Data entries

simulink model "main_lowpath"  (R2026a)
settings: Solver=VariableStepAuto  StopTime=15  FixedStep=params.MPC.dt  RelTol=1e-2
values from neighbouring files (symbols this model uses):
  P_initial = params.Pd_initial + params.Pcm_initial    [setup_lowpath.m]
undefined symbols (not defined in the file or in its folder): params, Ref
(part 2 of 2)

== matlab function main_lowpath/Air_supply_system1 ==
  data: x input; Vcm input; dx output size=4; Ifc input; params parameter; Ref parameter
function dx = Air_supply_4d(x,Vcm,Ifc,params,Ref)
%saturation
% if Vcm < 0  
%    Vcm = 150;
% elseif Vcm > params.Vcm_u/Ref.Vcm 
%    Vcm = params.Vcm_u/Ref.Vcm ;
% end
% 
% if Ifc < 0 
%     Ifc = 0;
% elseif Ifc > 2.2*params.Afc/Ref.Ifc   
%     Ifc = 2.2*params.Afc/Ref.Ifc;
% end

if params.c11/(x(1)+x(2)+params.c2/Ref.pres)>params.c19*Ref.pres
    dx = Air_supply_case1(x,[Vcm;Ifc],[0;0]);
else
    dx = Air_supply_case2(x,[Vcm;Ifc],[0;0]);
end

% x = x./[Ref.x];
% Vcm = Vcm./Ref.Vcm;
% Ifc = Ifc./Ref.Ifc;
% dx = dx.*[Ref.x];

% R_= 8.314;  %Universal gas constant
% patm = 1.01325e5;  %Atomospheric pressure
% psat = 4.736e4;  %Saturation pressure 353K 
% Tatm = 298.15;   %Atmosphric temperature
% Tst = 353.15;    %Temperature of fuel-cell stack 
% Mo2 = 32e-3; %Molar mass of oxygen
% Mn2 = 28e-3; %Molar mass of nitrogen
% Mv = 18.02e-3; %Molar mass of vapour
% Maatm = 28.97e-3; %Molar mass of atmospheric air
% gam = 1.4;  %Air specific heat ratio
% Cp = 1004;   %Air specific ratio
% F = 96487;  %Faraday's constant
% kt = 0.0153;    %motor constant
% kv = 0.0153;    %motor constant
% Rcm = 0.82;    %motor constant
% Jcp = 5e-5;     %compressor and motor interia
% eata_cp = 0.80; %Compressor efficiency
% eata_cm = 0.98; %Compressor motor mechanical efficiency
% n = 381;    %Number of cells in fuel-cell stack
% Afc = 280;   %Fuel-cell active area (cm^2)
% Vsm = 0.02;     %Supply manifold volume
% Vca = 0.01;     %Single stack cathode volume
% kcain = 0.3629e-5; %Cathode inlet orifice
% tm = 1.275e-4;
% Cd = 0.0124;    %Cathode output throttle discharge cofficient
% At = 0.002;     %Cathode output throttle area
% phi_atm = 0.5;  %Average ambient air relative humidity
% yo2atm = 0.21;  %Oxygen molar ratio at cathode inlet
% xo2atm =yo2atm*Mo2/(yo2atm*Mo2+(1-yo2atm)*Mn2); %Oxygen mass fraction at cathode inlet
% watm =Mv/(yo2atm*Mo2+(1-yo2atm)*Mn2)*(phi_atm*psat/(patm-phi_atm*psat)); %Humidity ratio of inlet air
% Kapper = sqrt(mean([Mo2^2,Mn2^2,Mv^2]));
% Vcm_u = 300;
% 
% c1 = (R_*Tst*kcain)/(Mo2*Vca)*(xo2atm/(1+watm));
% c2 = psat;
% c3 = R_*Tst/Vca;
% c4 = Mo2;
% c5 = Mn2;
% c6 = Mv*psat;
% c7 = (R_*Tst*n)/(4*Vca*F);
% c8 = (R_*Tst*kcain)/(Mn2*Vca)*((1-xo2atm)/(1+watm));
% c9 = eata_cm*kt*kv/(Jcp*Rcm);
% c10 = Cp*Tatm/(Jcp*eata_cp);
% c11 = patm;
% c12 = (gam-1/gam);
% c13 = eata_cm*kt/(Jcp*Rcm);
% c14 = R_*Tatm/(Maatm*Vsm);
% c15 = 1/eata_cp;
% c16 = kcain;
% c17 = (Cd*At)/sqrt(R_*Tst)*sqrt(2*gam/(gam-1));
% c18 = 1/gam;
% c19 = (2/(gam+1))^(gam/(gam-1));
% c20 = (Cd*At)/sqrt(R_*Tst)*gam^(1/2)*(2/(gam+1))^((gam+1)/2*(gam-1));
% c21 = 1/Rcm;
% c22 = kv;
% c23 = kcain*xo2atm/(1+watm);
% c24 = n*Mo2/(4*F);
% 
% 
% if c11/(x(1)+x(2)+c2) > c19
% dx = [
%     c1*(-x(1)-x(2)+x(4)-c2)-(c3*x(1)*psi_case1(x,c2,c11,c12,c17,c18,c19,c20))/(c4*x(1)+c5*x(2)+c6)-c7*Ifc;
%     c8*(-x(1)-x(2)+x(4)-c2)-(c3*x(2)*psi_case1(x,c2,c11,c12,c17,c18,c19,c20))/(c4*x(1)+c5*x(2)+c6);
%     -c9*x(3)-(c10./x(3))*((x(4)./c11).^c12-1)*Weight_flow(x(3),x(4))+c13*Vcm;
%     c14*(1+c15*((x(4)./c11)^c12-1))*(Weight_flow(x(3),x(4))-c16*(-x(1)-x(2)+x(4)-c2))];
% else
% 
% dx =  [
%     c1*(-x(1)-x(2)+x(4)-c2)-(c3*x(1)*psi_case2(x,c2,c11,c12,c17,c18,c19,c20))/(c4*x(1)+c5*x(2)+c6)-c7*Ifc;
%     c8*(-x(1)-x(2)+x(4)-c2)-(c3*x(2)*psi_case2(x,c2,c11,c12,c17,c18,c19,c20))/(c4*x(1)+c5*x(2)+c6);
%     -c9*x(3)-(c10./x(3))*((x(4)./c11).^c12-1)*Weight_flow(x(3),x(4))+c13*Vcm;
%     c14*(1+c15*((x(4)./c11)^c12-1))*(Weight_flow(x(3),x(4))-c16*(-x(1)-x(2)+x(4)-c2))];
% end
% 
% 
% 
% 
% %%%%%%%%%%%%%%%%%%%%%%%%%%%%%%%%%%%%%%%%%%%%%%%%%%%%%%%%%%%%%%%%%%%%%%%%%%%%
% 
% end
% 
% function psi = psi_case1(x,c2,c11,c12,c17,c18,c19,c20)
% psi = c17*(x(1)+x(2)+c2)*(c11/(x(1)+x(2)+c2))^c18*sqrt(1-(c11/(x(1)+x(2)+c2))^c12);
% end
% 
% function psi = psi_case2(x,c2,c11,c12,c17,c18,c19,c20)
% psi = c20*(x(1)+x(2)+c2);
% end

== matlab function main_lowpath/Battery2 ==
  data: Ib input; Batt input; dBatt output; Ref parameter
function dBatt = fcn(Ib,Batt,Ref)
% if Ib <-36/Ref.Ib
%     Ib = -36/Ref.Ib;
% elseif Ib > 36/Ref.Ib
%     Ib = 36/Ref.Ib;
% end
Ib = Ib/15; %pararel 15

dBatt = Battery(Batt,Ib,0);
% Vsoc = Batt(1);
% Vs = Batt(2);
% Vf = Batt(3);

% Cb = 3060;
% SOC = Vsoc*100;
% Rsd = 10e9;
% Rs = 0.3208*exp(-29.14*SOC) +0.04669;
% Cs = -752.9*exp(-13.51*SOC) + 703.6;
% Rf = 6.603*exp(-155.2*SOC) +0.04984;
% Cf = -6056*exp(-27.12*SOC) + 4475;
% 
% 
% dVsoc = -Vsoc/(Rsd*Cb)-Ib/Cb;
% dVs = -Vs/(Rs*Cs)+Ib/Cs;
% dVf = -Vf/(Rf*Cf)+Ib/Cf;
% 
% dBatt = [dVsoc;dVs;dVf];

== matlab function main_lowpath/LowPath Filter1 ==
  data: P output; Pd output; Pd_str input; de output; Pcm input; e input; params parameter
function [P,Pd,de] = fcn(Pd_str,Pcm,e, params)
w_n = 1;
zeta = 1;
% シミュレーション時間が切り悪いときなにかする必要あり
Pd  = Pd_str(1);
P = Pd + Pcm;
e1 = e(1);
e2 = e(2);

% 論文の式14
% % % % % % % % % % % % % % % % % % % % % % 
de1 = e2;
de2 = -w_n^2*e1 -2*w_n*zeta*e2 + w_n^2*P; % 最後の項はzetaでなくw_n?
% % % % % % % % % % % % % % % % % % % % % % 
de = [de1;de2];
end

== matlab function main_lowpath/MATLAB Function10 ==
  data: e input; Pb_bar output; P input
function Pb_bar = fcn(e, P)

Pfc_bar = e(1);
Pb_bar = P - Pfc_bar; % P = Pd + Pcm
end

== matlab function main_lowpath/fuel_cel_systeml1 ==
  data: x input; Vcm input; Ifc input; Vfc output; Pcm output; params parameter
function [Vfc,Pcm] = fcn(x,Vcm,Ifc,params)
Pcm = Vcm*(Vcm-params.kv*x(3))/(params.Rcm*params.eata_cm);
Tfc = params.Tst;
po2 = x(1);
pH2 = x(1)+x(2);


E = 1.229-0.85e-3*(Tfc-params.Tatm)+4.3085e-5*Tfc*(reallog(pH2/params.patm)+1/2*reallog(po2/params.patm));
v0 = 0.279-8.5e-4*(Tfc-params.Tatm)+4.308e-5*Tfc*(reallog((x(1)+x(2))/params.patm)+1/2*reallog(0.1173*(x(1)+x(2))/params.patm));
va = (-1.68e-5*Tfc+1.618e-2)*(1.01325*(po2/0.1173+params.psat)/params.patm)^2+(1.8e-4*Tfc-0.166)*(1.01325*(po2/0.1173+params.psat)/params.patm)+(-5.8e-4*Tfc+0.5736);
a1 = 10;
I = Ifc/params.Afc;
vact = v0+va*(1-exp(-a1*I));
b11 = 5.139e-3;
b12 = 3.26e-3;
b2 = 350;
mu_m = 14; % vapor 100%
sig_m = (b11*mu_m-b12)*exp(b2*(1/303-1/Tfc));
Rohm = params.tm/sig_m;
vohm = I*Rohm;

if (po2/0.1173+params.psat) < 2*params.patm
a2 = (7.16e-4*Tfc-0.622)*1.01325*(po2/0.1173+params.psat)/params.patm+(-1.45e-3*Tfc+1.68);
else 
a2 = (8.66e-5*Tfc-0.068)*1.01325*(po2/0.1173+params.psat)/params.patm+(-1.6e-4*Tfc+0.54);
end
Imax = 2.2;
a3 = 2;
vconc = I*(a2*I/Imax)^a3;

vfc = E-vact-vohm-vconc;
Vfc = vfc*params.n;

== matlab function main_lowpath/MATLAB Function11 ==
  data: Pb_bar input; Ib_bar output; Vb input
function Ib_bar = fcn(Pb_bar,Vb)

## What you should do:
Look above and return each line of the records exactly, from the very first through the line with "values from neighbouring", both included.

## Solution for this exercise:
simulink model "main_lowpath"  (R2026a)
settings: Solver=VariableStepAuto  StopTime=15  FixedStep=params.MPC.dt  RelTol=1e-2
values from neighbouring files (symbols this model uses):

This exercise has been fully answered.